● **YOUR TASK**
Write out the stretch of lines below that begins at the line with "#73=ORIENTED_EDGE('',*,*,#72,.T.);" and ends at the line with "#98=ADVANCED_FACE('F483',(#97),#63,.F.);", including both, exactly as given and nothing more.

● **RECORDS TO USE**
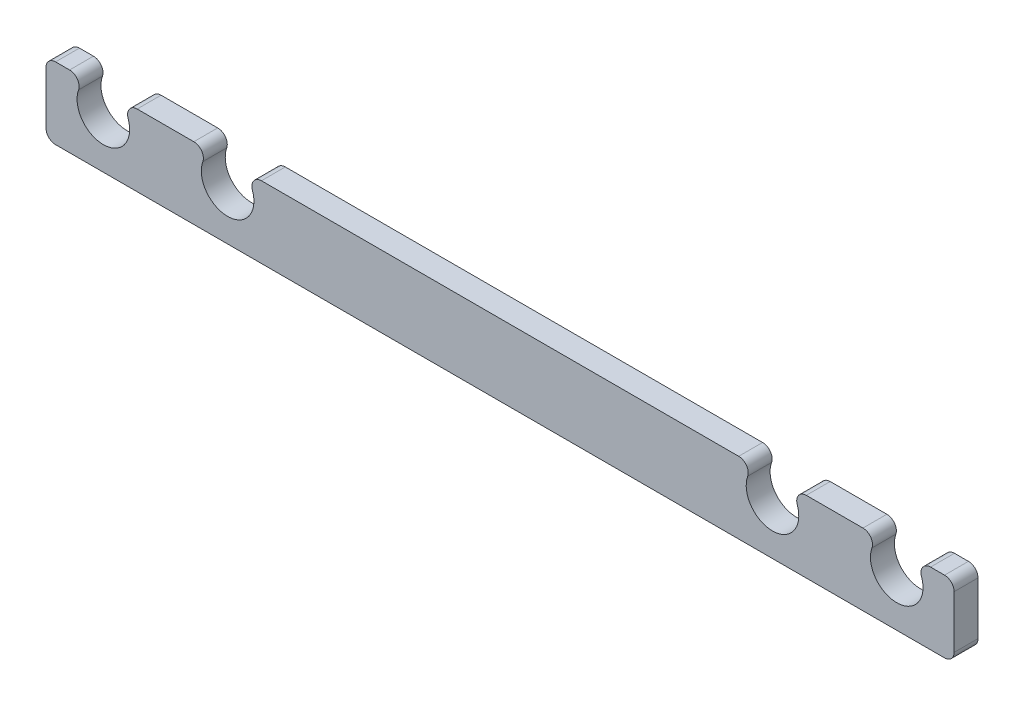
ISO-10303-21;
HEADER;
FILE_DESCRIPTION(('STEP AP214'),'2;1');
FILE_NAME('part.step','',(''),(''),'','','');
FILE_SCHEMA(('AUTOMOTIVE_DESIGN { 1 0 10303 214 1 1 1 1 }'));
ENDSEC;
DATA;
#1=APPLICATION_CONTEXT('core data for automotive mechanical design processes');
#2=APPLICATION_PROTOCOL_DEFINITION('international standard','automotive_design',2000,#1);
#3=PRODUCT_CONTEXT('',#1,'mechanical');
#4=PRODUCT('Part','Part','',(#3));
#5=PRODUCT_RELATED_PRODUCT_CATEGORY('part','',(#4));
#6=PRODUCT_DEFINITION_FORMATION('','',#4);
#7=PRODUCT_DEFINITION_CONTEXT('part definition',#1,'design');
#8=PRODUCT_DEFINITION('design','',#6,#7);
#9=PRODUCT_DEFINITION_SHAPE('','',#8);
#10=(LENGTH_UNIT() NAMED_UNIT(*) SI_UNIT(.MILLI.,.METRE.));
#11=(NAMED_UNIT(*) PLANE_ANGLE_UNIT() SI_UNIT($,.RADIAN.));
#12=(NAMED_UNIT(*) SI_UNIT($,.STERADIAN.) SOLID_ANGLE_UNIT());
#13=UNCERTAINTY_MEASURE_WITH_UNIT(LENGTH_MEASURE(1.E-05),#10,'distance_accuracy_value','');
#14=(GEOMETRIC_REPRESENTATION_CONTEXT(3) GLOBAL_UNCERTAINTY_ASSIGNED_CONTEXT((#13)) GLOBAL_UNIT_ASSIGNED_CONTEXT((#10,
#11,#12)) REPRESENTATION_CONTEXT('',''));
#15=CARTESIAN_POINT('',(0.,0.,0.));
#16=DIRECTION('',(0.,0.,1.));
#17=DIRECTION('',(1.,0.,0.));
#18=AXIS2_PLACEMENT_3D('',#15,#16,#17);
#19=CARTESIAN_POINT('',(-95.,0.,5.));
#20=DIRECTION('',(0.,-1.,0.));
#21=DIRECTION('',(0.,0.,-1.));
#22=AXIS2_PLACEMENT_3D('',#19,#20,#21);
#23=PLANE('',#22);
#24=DIRECTION('',(-1.,0.,0.));
#25=VECTOR('',#24,1.);
#26=CARTESIAN_POINT('',(-95.,0.,5.));
#27=LINE('',#26,#25);
#28=CARTESIAN_POINT('',(-90.0710678118655,0.,5.));
#29=VERTEX_POINT('',#28);
#30=CARTESIAN_POINT('',(-93.,0.,5.));
#31=VERTEX_POINT('',#30);
#32=EDGE_CURVE('E221',#29,#31,#27,.T.);
#33=ORIENTED_EDGE('',*,*,#32,.F.);
#34=DIRECTION('',(0.,0.,-1.));
#35=VECTOR('',#34,1.);
#36=CARTESIAN_POINT('',(-90.0710678118655,0.,5.));
#37=LINE('',#36,#35);
#38=CARTESIAN_POINT('',(-90.0710678118655,0.,0.));
#39=VERTEX_POINT('',#38);
#40=EDGE_CURVE('E206',#29,#39,#37,.T.);
#41=ORIENTED_EDGE('',*,*,#40,.T.);
#42=DIRECTION('',(-1.,0.,0.));
#43=VECTOR('',#42,1.);
#44=CARTESIAN_POINT('',(-95.,0.,0.));
#45=LINE('',#44,#43);
#46=CARTESIAN_POINT('',(-93.,0.,0.));
#47=VERTEX_POINT('',#46);
#48=EDGE_CURVE('E218',#39,#47,#45,.T.);
#49=ORIENTED_EDGE('',*,*,#48,.T.);
#50=DIRECTION('',(0.,0.,-1.));
#51=VECTOR('',#50,1.);
#52=CARTESIAN_POINT('',(-93.,0.,5.));
#53=LINE('',#52,#51);
#54=EDGE_CURVE('E223',#47,#31,#53,.F.);
#55=ORIENTED_EDGE('',*,*,#54,.T.);
#56=EDGE_LOOP('',(#33,#41,#49,#55));
#57=FACE_BOUND('',#56,.T.);
#58=ADVANCED_FACE('F40',(#57),#23,.F.);
#59=CARTESIAN_POINT('',(-95.,-15.,5.));
#60=DIRECTION('',(1.,0.,0.));
#61=DIRECTION('',(0.,0.,-1.));
#62=AXIS2_PLACEMENT_3D('',#59,#60,#61);
#63=PLANE('',#62);
#64=DIRECTION('',(0.,-1.,0.));
#65=VECTOR('',#64,1.);
#66=CARTESIAN_POINT('',(-95.,-15.,0.));
#67=LINE('',#66,#65);
#68=CARTESIAN_POINT('',(-95.,-2.,0.));
#69=VERTEX_POINT('',#68);
#70=CARTESIAN_POINT('',(-95.,-13.,0.));
#71=VERTEX_POINT('',#70);
#72=EDGE_CURVE('E228',#69,#71,#67,.T.);
#73=ORIENTED_EDGE('',*,*,#72,.T.);
#74=DIRECTION('',(0.,0.,-1.));
#75=VECTOR('',#74,1.);
#76=CARTESIAN_POINT('',(-95.,-13.,5.));
#77=LINE('',#76,#75);
#78=CARTESIAN_POINT('',(-95.,-13.,5.));
#79=VERTEX_POINT('',#78);
#80=EDGE_CURVE('E330',#71,#79,#77,.F.);
#81=ORIENTED_EDGE('',*,*,#80,.T.);
#82=DIRECTION('',(0.,-1.,0.));
#83=VECTOR('',#82,1.);
#84=CARTESIAN_POINT('',(-95.,-15.,5.));
#85=LINE('',#84,#83);
#86=CARTESIAN_POINT('',(-95.,-2.,5.));
#87=VERTEX_POINT('',#86);
#88=EDGE_CURVE('E553',#87,#79,#85,.T.);
#89=ORIENTED_EDGE('',*,*,#88,.F.);
#90=DIRECTION('',(0.,0.,-1.));
#91=VECTOR('',#90,1.);
#92=CARTESIAN_POINT('',(-95.,-2.,5.));
#93=LINE('',#92,#91);
#94=EDGE_CURVE('E327',#87,#69,#93,.T.);
#95=ORIENTED_EDGE('',*,*,#94,.T.);
#96=EDGE_LOOP('',(#73,#81,#89,#95));
#97=FACE_BOUND('',#96,.T.);
#98=ADVANCED_FACE('F483',(#97),#63,.F.);
#99=CARTESIAN_POINT('',(95.,-15.,5.));
#100=DIRECTION('',(0.,1.,0.));
#101=DIRECTION('',(0.,0.,1.));
#102=AXIS2_PLACEMENT_3D('',#99,#100,#101);
#103=PLANE('',#102);
#104=DIRECTION('',(1.,0.,0.));
#105=VECTOR('',#104,1.);
#106=CARTESIAN_POINT('',(95.,-15.,5.));
#107=LINE('',#106,#105);
#108=CARTESIAN_POINT('',(-93.,-15.,5.));
#109=VERTEX_POINT('',#108);
#110=CARTESIAN_POINT('',(93.,-15.,5.));
#111=VERTEX_POINT('',#110);
#112=EDGE_CURVE('E551',#109,#111,#107,.T.);
#113=ORIENTED_EDGE('',*,*,#112,.F.);
#114=DIRECTION('',(0.,0.,-1.));
#115=VECTOR('',#114,1.);
#116=CARTESIAN_POINT('',(-93.,-15.,5.));
#117=LINE('',#116,#115);
#118=CARTESIAN_POINT('',(-93.,-15.,0.));
#119=VERTEX_POINT('',#118);
#120=EDGE_CURVE('E324',#109,#119,#117,.T.);
#121=ORIENTED_EDGE('',*,*,#120,.T.);
#122=DIRECTION('',(1.,0.,0.));
#123=VECTOR('',#122,1.);
#124=CARTESIAN_POINT('',(95.,-15.,0.));
#125=LINE('',#124,#123);
#126=CARTESIAN_POINT('',(93.,-15.,0.));
#127=VERTEX_POINT('',#126);
#128=EDGE_CURVE('E231',#119,#127,#125,.T.);
#129=ORIENTED_EDGE('',*,*,#128,.T.);
#130=DIRECTION('',(0.,0.,-1.));
#131=VECTOR('',#130,1.);
#132=CARTESIAN_POINT('',(93.,-15.,5.));
#133=LINE('',#132,#131);
#134=EDGE_CURVE('E322',#127,#111,#133,.F.);
#135=ORIENTED_EDGE('',*,*,#134,.T.);
#136=EDGE_LOOP('',(#113,#121,#129,#135));
#137=FACE_BOUND('',#136,.T.);
#138=ADVANCED_FACE('F488',(#137),#103,.F.);
#139=CARTESIAN_POINT('',(95.,0.,5.));
#140=DIRECTION('',(-1.,0.,0.));
#141=DIRECTION('',(0.,0.,1.));
#142=AXIS2_PLACEMENT_3D('',#139,#140,#141);
#143=PLANE('',#142);
#144=DIRECTION('',(0.,1.,0.));
#145=VECTOR('',#144,1.);
#146=CARTESIAN_POINT('',(95.,0.,5.));
#147=LINE('',#146,#145);
#148=CARTESIAN_POINT('',(95.,-13.,5.));
#149=VERTEX_POINT('',#148);
#150=CARTESIAN_POINT('',(95.,-2.,5.));
#151=VERTEX_POINT('',#150);
#152=EDGE_CURVE('E397',#149,#151,#147,.T.);
#153=ORIENTED_EDGE('',*,*,#152,.F.);
#154=DIRECTION('',(0.,0.,-1.));
#155=VECTOR('',#154,1.);
#156=CARTESIAN_POINT('',(95.,-13.,5.));
#157=LINE('',#156,#155);
#158=CARTESIAN_POINT('',(95.,-13.,0.));
#159=VERTEX_POINT('',#158);
#160=EDGE_CURVE('E348',#149,#159,#157,.T.);
#161=ORIENTED_EDGE('',*,*,#160,.T.);
#162=DIRECTION('',(0.,1.,0.));
#163=VECTOR('',#162,1.);
#164=CARTESIAN_POINT('',(95.,0.,0.));
#165=LINE('',#164,#163);
#166=CARTESIAN_POINT('',(95.,-2.,0.));
#167=VERTEX_POINT('',#166);
#168=EDGE_CURVE('E239',#159,#167,#165,.T.);
#169=ORIENTED_EDGE('',*,*,#168,.T.);
#170=DIRECTION('',(0.,0.,-1.));
#171=VECTOR('',#170,1.);
#172=CARTESIAN_POINT('',(95.,-2.,5.));
#173=LINE('',#172,#171);
#174=EDGE_CURVE('E346',#167,#151,#173,.F.);
#175=ORIENTED_EDGE('',*,*,#174,.T.);
#176=EDGE_LOOP('',(#153,#161,#169,#175));
#177=FACE_BOUND('',#176,.T.);
#178=ADVANCED_FACE('F578',(#177),#143,.F.);
#179=CARTESIAN_POINT('',(86.1622776601684,0.,5.));
#180=DIRECTION('',(0.,-1.,0.));
#181=DIRECTION('',(0.,0.,-1.));
#182=AXIS2_PLACEMENT_3D('',#179,#180,#181);
#183=PLANE('',#182);
#184=DIRECTION('',(-1.,0.,0.));
#185=VECTOR('',#184,1.);
#186=CARTESIAN_POINT('',(86.1622776601684,0.,0.));
#187=LINE('',#186,#185);
#188=CARTESIAN_POINT('',(93.,0.,0.));
#189=VERTEX_POINT('',#188);
#190=CARTESIAN_POINT('',(90.0710678118655,0.,0.));
#191=VERTEX_POINT('',#190);
#192=EDGE_CURVE('E242',#189,#191,#187,.T.);
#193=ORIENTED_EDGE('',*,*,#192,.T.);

● **ANSWER**
#73=ORIENTED_EDGE('',*,*,#72,.T.);
#74=DIRECTION('',(0.,0.,-1.));
#75=VECTOR('',#74,1.);
#76=CARTESIAN_POINT('',(-95.,-13.,5.));
#77=LINE('',#76,#75);
#78=CARTESIAN_POINT('',(-95.,-13.,5.));
#79=VERTEX_POINT('',#78);
#80=EDGE_CURVE('E330',#71,#79,#77,.F.);
#81=ORIENTED_EDGE('',*,*,#80,.T.);
#82=DIRECTION('',(0.,-1.,0.));
#83=VECTOR('',#82,1.);
#84=CARTESIAN_POINT('',(-95.,-15.,5.));
#85=LINE('',#84,#83);
#86=CARTESIAN_POINT('',(-95.,-2.,5.));
#87=VERTEX_POINT('',#86);
#88=EDGE_CURVE('E553',#87,#79,#85,.T.);
#89=ORIENTED_EDGE('',*,*,#88,.F.);
#90=DIRECTION('',(0.,0.,-1.));
#91=VECTOR('',#90,1.);
#92=CARTESIAN_POINT('',(-95.,-2.,5.));
#93=LINE('',#92,#91);
#94=EDGE_CURVE('E327',#87,#69,#93,.T.);
#95=ORIENTED_EDGE('',*,*,#94,.T.);
#96=EDGE_LOOP('',(#73,#81,#89,#95));
#97=FACE_BOUND('',#96,.T.);
#98=ADVANCED_FACE('F483',(#97),#63,.F.);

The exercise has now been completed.